The Tel Aviv City Council held a discussion yesterday on a handful of building plans that, if approved, would effectively transform some of the city’s most historic areas beyond recognition.
The discussion, which council members described as “fateful” and “dramatic,” drew a large number of city residents, eager to have a say in the planning of their neighborhoods.
However, the discussion was conducted in a manner that seemed to exclude the public, while avoiding a serious discussion of the city’s future development.
The plans under discussion included the widening of Yitzchak Elchanan Street, north of Neveh Tzedek, as well as the new Mesila Highway, south of the neighborhood.
Both are plans for new roads, lined with skyscrapers, that together would form a ring of traffic and tall buildings around Neveh Tzedek, one of Tel Aviv’s oldest and most charming (and richest) neighborhoods.

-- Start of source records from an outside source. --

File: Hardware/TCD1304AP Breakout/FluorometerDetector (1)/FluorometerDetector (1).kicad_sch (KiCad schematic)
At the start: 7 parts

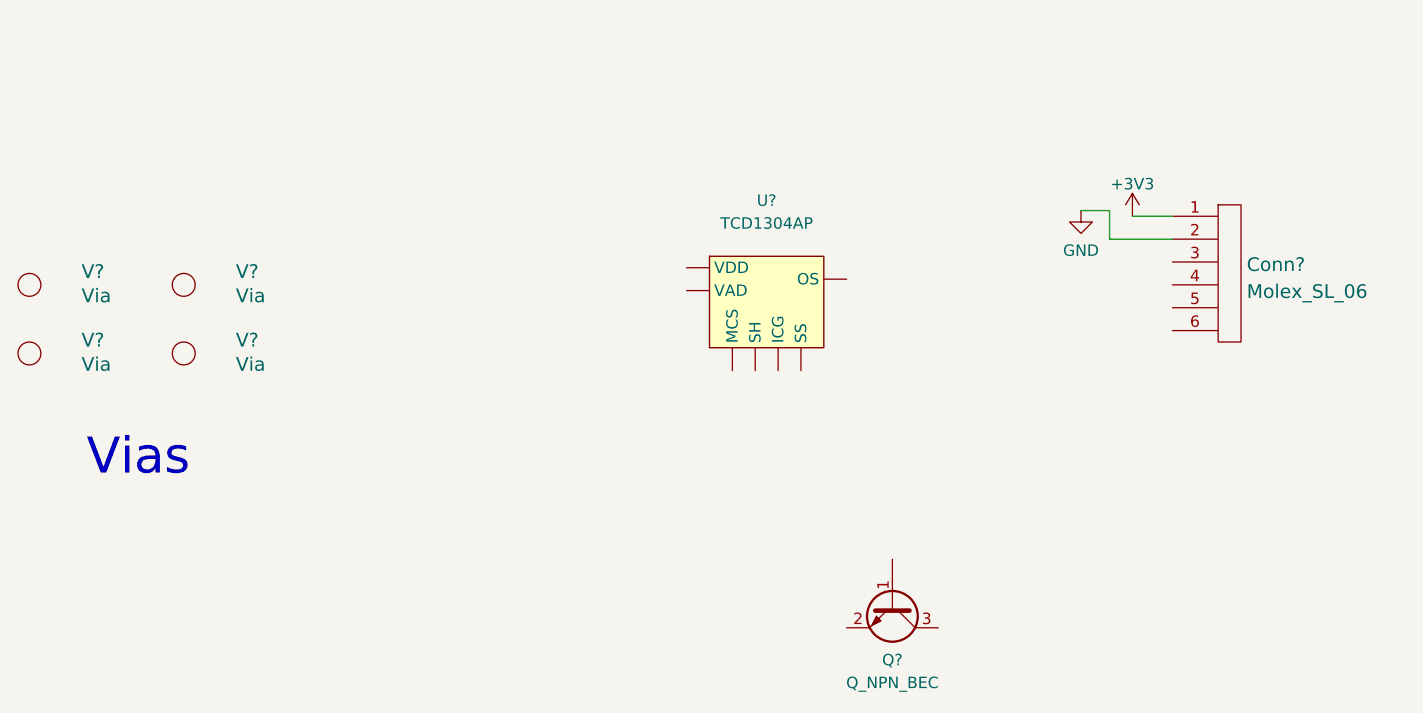
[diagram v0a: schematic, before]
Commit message: Layout updated for LEDs and Science Sensor Board, schematic for CCD
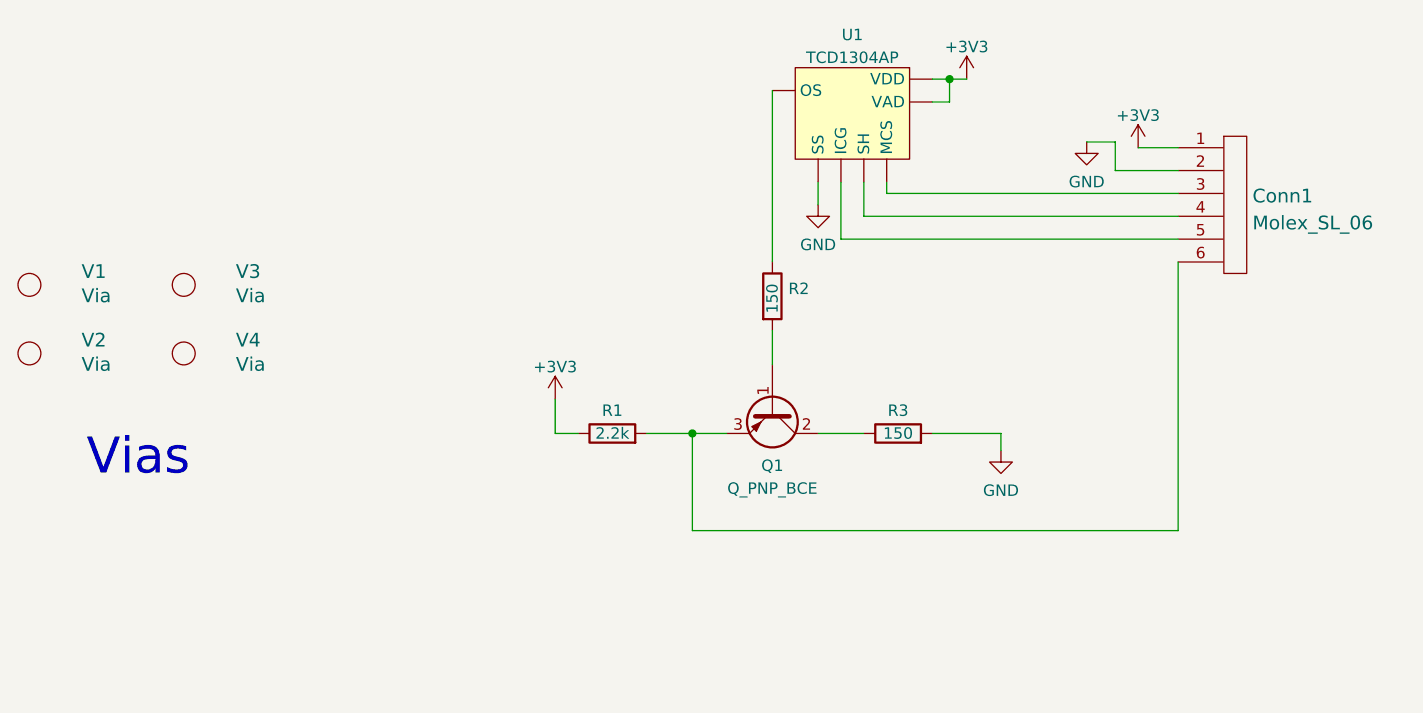
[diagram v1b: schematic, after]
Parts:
- removed Q?: Q_NPN_BEC, symbol Device:Q_NPN_BEC
- added Q1: Q_PNP_BCE, symbol Device:Q_PNP_BCE
- added R1: 2.2k, symbol Device:R
- added R2, R3: 150, symbol Device:R
- gave numbers to parts that had none: 6
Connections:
- net +3V3: now also U1. (VDD), R1.1
- net GND: now also U1. (VDD), R3.2
- net at Conn1.3: now also U1. (VDD)
- net at Conn1.4: now also U1. (VDD)
- net at Conn1.5: now also U1. (VDD)
- net at Conn1.6: now also Q1.3 (E), R1.2
- new net: R2.1, U1. (VDD)
- new net: Q1.1 (B), R2.2
- new net: Q1.2 (C), R3.1
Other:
- moved on the sheet: Conn1, U1

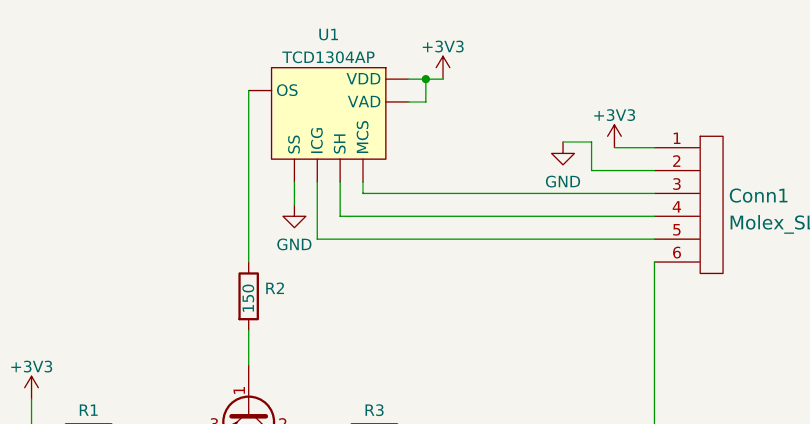
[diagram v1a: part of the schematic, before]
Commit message: Found footprint for CCD
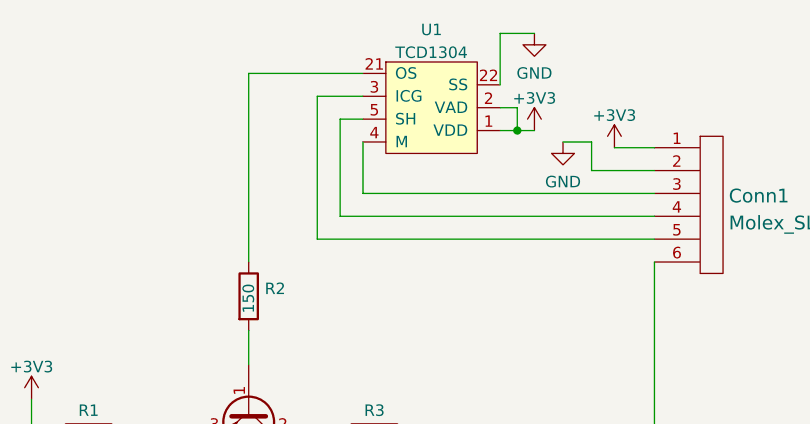
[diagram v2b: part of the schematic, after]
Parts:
- removed U1: TCD1304AP, symbol TCD1304AP:TCD1304AP
- added U1: TCD1304, UVLEDs:DIP1016W62P254L4160H372Q22N, symbol MRDT_Sensors:TCD1304
- Conn1: footprint (none) -> UVLEDs:705550040
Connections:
- net +3V3: now also U1.1 (VDD), U1.2 (VAD)
- net GND: now also U1.22 (SS)
- net at R2.1: now also U1.21 (OS)
- net at Conn1.3: now also U1.4 (M)
- net at Conn1.4: now also U1.5 (SH)
- net at Conn1.5: now also U1.3 (ICG)
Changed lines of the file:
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@@
 (kicad_sch (version 20211123) (generator eeschema)
   (paper "A4")
-  (junction (at 159.385 25.4) (diameter 0) (color 0 0 0 0)
-  )
   (junction (at 130.81 64.77) (diameter 0) (color 0 0 0 0)
   )
+  (junction (at 169.545 31.115) (diameter 0) (color 0 0 0 0)
+  )
   (wire (pts (xy 177.8 35.56) (xy 177.8 32.385))
     (stroke (width 0) (type default) (color 0 0 0 0))
@@
     (stroke (width 0) (type default) (color 0 0 0 0))
   )
-  (wire (pts (xy 149.86 40.64) (xy 149.86 36.83))
+  (wire (pts (xy 149.86 29.845) (xy 149.86 40.64))
     (stroke (width 0) (type default) (color 0 0 0 0))
   )
@@
     (stroke (width 0) (type default) (color 0 0 0 0))
   )
-  (wire (pts (xy 147.32 43.18) (xy 147.32 36.83))
+  (wire (pts (xy 147.32 27.305) (xy 147.32 43.18))
     (stroke (width 0) (type default) (color 0 0 0 0))
   )
@@
     (stroke (width 0) (type default) (color 0 0 0 0))
   )
+  (wire (pts (xy 152.4 27.305) (xy 147.32 27.305))
+    (stroke (width 0) (type default) (color 0 0 0 0))
+  )
   (wire (pts (xy 184.785 38.1) (xy 152.4 38.1))
     (stroke (width 0) (type default) (color 0 0 0 0))
@@
     (stroke (width 0) (type default) (color 0 0 0 0))
   )
-  (wire (pts (xy 159.385 27.94) (xy 159.385 25.4))
+  (wire (pts (xy 152.4 24.765) (xy 139.7 24.765))
+    (stroke (width 0) (type default) (color 0 0 0 0))
+  )
+  (wire (pts (xy 152.4 32.385) (xy 152.4 38.1))
+    (stroke (width 0) (type default) (color 0 0 0 0))
+  )
+  (wire (pts (xy 169.545 31.115) (xy 169.545 28.575))
     (stroke (width 0) (type default) (color 0 0 0 0))
   )
@@
     (stroke (width 0) (type default) (color 0 0 0 0))
   )
-  (wire (pts (xy 139.7 45.72) (xy 139.7 26.67))
+  (wire (pts (xy 139.7 24.765) (xy 139.7 45.72))
     (stroke (width 0) (type default) (color 0 0 0 0))
   )
@@
     (stroke (width 0) (type default) (color 0 0 0 0))
   )
-  (wire (pts (xy 152.4 38.1) (xy 152.4 36.83))
-    (stroke (width 0) (type default) (color 0 0 0 0))
-  )
-  (wire (pts (xy 159.385 25.4) (xy 161.29 25.4))
-    (stroke (width 0) (type default) (color 0 0 0 0))
-  )
-  (wire (pts (xy 159.385 27.94) (xy 157.48 27.94))
+  (wire (pts (xy 169.545 31.115) (xy 171.45 31.115))
+    (stroke (width 0) (type default) (color 0 0 0 0))
+  )
+  (wire (pts (xy 169.545 31.115) (xy 167.64 31.115))
     (stroke (width 0) (type default) (color 0 0 0 0))
   )
@@
     (stroke (width 0) (type default) (color 0 0 0 0))
   )
+  (wire (pts (xy 167.64 20.32) (xy 167.64 26.035))
+    (stroke (width 0) (type default) (color 0 0 0 0))
+  )
+  (wire (pts (xy 152.4 29.845) (xy 149.86 29.845))
+    (stroke (width 0) (type default) (color 0 0 0 0))
+  )
   (wire (pts (xy 139.7 53.34) (xy 139.7 57.15))
     (stroke (width 0) (type default) (color 0 0 0 0))
@@
     (stroke (width 0) (type default) (color 0 0 0 0))
   )
-  (wire (pts (xy 144.78 36.83) (xy 144.78 39.37))
-    (stroke (width 0) (type default) (color 0 0 0 0))
-  )
-  (wire (pts (xy 159.385 25.4) (xy 157.48 25.4))
+  (wire (pts (xy 169.545 28.575) (xy 167.64 28.575))
     (stroke (width 0) (type default) (color 0 0 0 0))
   )
@@
   )
   (wire (pts (xy 177.8 32.385) (xy 174.625 32.385))
+    (stroke (width 0) (type default) (color 0 0 0 0))
+  )
+  (wire (pts (xy 171.45 20.32) (xy 167.64 20.32))
     (stroke (width 0) (type default) (color 0 0 0 0))
   )
@@
     (pin "1")
   )
-  (symbol (lib_id "power:GND") (at 144.78 39.37 0) (unit 1)
-    (in_bom yes) (on_board yes) (fields_autoplaced)
-    (property "Reference" "#PWR02" (id 0) (at 144.78 45.72 0)
-      (effects (font (size 1.27 1.27)) hide)
-    )
-    (property "Value" "GND" (id 1) (at 144.78 43.8134 0))
-    (property "Footprint" "" (id 2) (at 144.78 39.37 0)
-      (effects (font (size 1.27 1.27)) hide)
-    )
-    (property "Datasheet" "" (id 3) (at 144.78 39.37 0)
+  (symbol (lib_id "power:GND") (at 171.45 20.32 0) (unit 1)
+    (in_bom yes) (on_board yes) (fields_autoplaced)
+    (property "Reference" "#PWR02" (id 0) (at 171.45 26.67 0)
+      (effects (font (size 1.27 1.27)) hide)
+    )
+    (property "Value" "GND" (id 1) (at 171.45 24.7634 0))
+    (property "Footprint" "" (id 2) (at 171.45 20.32 0)
+      (effects (font (size 1.27 1.27)) hide)
+    )
+    (property "Datasheet" "" (id 3) (at 171.45 20.32 0)
       (effects (font (size 1.27 1.27)) hide)
     )
@@
     (pin "1")
   )
-  (symbol (lib_id "power:+3V3") (at 161.29 25.4 0) (unit 1)
-    (in_bom yes) (on_board yes) (fields_autoplaced)
-    (property "Reference" "#PWR03" (id 0) (at 161.29 29.21 0)
-      (effects (font (size 1.27 1.27)) hide)
-    )
-    (property "Value" "+3V3" (id 1) (at 161.29 21.8242 0))
-    (property "Footprint" "" (id 2) (at 161.29 25.4 0)
-      (effects (font (size 1.27 1.27)) hide)
-    )
-    (property "Datasheet" "" (id 3) (at 161.29 25.4 0)
+  (symbol (lib_id "power:+3V3") (at 171.45 31.115 0) (unit 1)
+    (in_bom yes) (on_board yes) (fields_autoplaced)
+    (property "Reference" "#PWR03" (id 0) (at 171.45 34.925 0)
+      (effects (font (size 1.27 1.27)) hide)
+    )
+    (property "Value" "+3V3" (id 1) (at 171.45 27.5392 0))
+    (property "Footprint" "" (id 2) (at 171.45 31.115 0)
+      (effects (font (size 1.27 1.27)) hide)
+    )
+    (property "Datasheet" "" (id 3) (at 171.45 31.115 0)
       (effects (font (size 1.27 1.27)) hide)
     )
@@
     (pin "2")
   )
+  (symbol (lib_id "MRDT_Sensors:TCD1304") (at 165.1 23.495 180) (unit 1)
+    (in_bom yes) (on_board yes)
+    (property "Reference" "U1" (id 0) (at 160.02 19.9222 0))
+    (property "Value" "TCD1304" (id 1) (at 160.02 22.4591 0))
+    (property "Footprint" "UVLEDs:DIP1016W62P254L4160H372Q22N" (id 2) (at 172.72 10.795 0)
+      (effects (font (size 1.27 1.27)) hide)
+    )
+    (property "Datasheet" "" (id 3) (at 172.72 10.795 0)
+      (effects (font (size 1.27 1.27)) hide)
+    )
+    (pin "1")
+    (pin "2")
+    (pin "21")
+    (pin "22")
+    (pin "3")
+    (pin "4")
+    (pin "5")
+  )
   (symbol (lib_id "MRDT_Drill_Holes:Via") (at 74.295 55.88 0) (unit 1)
     (in_bom yes) (on_board yes)
@@
     (pin "1")
   )
-  (symbol (lib_id "TCD1304AP:TCD1304AP") (at 148.59 29.21 0) (mirror y) (unit 1)
-    (in_bom yes) (on_board yes) (fields_autoplaced)
-    (property "Reference" "U1" (id 0) (at 148.59 20.481 0))
-    (property "Value" "TCD1304AP" (id 1) (at 148.59 23.0179 0))
-    (property "Footprint" "" (id 2) (at 148.59 29.21 0)
-      (effects (font (size 1.27 1.27)) hide)
-    )
-    (property "Datasheet" "" (id 3) (at 148.59 29.21 0)
-      (effects (font (size 1.27 1.27)) hide)
-    )
-    (pin "")
-    (pin "")
-    (pin "")
-    (pin "")
-    (pin "")
-    (pin "")
-    (pin "")
-  )
   (symbol (lib_id "MRDT_Drill_Holes:Via") (at 57.15 55.88 0) (unit 1)
     (in_bom yes) (on_board yes)
@@
       (effects (font (size 1.524 1.524)) (justify left))
     )
-    (property "Footprint" "" (id 2) (at 189.865 44.45 0)
+    (property "Footprint" "UVLEDs:705550040" (id 2) (at 189.865 44.45 0)
       (effects (font (size 1.524 1.524)) hide)
     )
@@
     )
     (path "/fa5d2e23-cb22-43d6-9b2d-b288e81d34e5"
-      (reference "Conn1") (unit 1) (value "Molex_SL_06") (footprint "")
+      (reference "Conn1") (unit 1) (value "Molex_SL_06") (footprint "UVLEDs:705550040")
     )
     (path "/b0e93359-de99-4c71-ac67-db20d611c11c"
@@
       (reference "R3") (unit 1) (value "150") (footprint "")
     )
-    (path "/cc8a3a98-da51-4eb3-bcfd-21ea57c191f1"
-      (reference "U1") (unit 1) (value "TCD1304AP") (footprint "")
+    (path "/7b7d6c50-0f51-4d1e-926c-e78a7fc8517e"
+      (reference "U1") (unit 1) (value "TCD1304") (footprint "UVLEDs:DIP1016W62P254L4160H372Q22N")
     )
     (path "/e8448a02-52d5-4c3d-af6b-5aafb20d0ba8"

When connected with the Shlavim Highway, another highway + tall buildings plan that the city is promoting east of Jaffa, the plans would create a major new traffic artery, channelling cars from the Holon Interchange south of the city to a series of new parking lots along Rothschild Boulevard.
From the beginning, it was obvious that there would be no real and honest discussion at the meeting, which was held to discuss several appeals against the plans submitted by council members.
Instead of being held in the usual City Council hall, the discussion took place in a small meeting room on the 12th floor of the municipality building.
Dozens of residents, refused entry on the grounds that there was not enough space, speculated that the meeting was deliberately held in a small space in order to keep them out.
When they were finally let in, over an hour into the meeting, the residents made their presence felt with catcalls and hearty applause for council members that spoke out in opposition to the plans.
Left: Dozens of angry residents were initially denied entry into the meeting, on the grounds that there was not enough space for the public. (Photo by Jesse Fox)
Opponents of the plans claimed that they would necessitate the destruction of two schools near Neveh Tzedek, form a “separation wall” of concrete buildings between south neighborhoods instead of connecting them and ruin the character of neighborhoods slated for preservation.
The Mesila Highway, a three-story right-of-way (a subway line and an underground highway below street level, with a park on surface) was criticized as unrealistic and unlikely to ever actually take shape.
The plans themselves were only drawn up after a higher planning committee ordered Tel Aviv to formulate a comprehensive planning document, instead of haphazardly promoting a collection of individual building plans and roads, as it had done until then.
The city presented and approved the comprehensive plan recently, resulting in several appeals.
The plan, which was neither printed nor submitted for public review, was only presented halfway through the meeting, on the request of a council member.
Several neighborhood representatives criticized the plan as being superficial, unprofessional and hastily put together. The documents contained no serious discussion, for example, of the effects that the tall buildings would have on breezes, or of where their shadows would fall.
Apparently, no one thought about where all of the new residents’ children would go to school, or what effect their cars would have on the already traffic-clogged area. Some council members pointed out that the new residential buildings, in all likelihood populated largely by foreign residents, would add little to the fabric of life in that part of the city.
Only after the meeting ended did it become clear that someone had actually drawn up an alternative plan, in which the thousands of housing units proposed by the city would be built in low-rise buildings instead of skyscrapers. No one had mentioned this alternative during the meeting itself, although neighborhood representatives had expressed their clear preference for such an alternative.
After all sides’ claims were presented, Deputy Mayor Doron Sapir, who chaired the meeting, declared a closed discussion and asked all observers to leave.
In the end, the plans will probably be approved. That’s the way it is in Tel Aviv – Mayor Ron Huldai demands strict discipline from members of his coalition, and he knows that he can easily find the votes to pass any proposal he likes.
The fact that so many major new roads (accompanied, of course, by parking lots, giant intersections, gas stations, etc.) are being approved in southern Tel Aviv speaks volumes about the city’s planning policy. Increasingly, the mythical light rail, which is still not even close to implementation, is looking like a smoke screen.
The bottom line is that the city backed itself into a corner. By encouraging developers to buy up large plots of land in an area of the city that it thought no one cared about, city planners found themselves with a series of plans for tall buildings in an area where no other building rises above four stories.
By promoting skyscrapers around Neveh Tzedek, the city found itself antagonizing a hornet’s nest of wealthy and well-connected citizens. And by excluding opinionated residents from most of the planning process, the city found itself with an uncompromising front of opposition that no longer believes a single word uttered by its officials.
While the future of the area remains unclear, there is still reason for optimism. Politicians are slow learners, preferring a bitter fight to the end over an agreed-upon compromise. However, a line in the sand has been drawn by residents and activists in the city, and a new kind of politics is slowly taking shape in the city.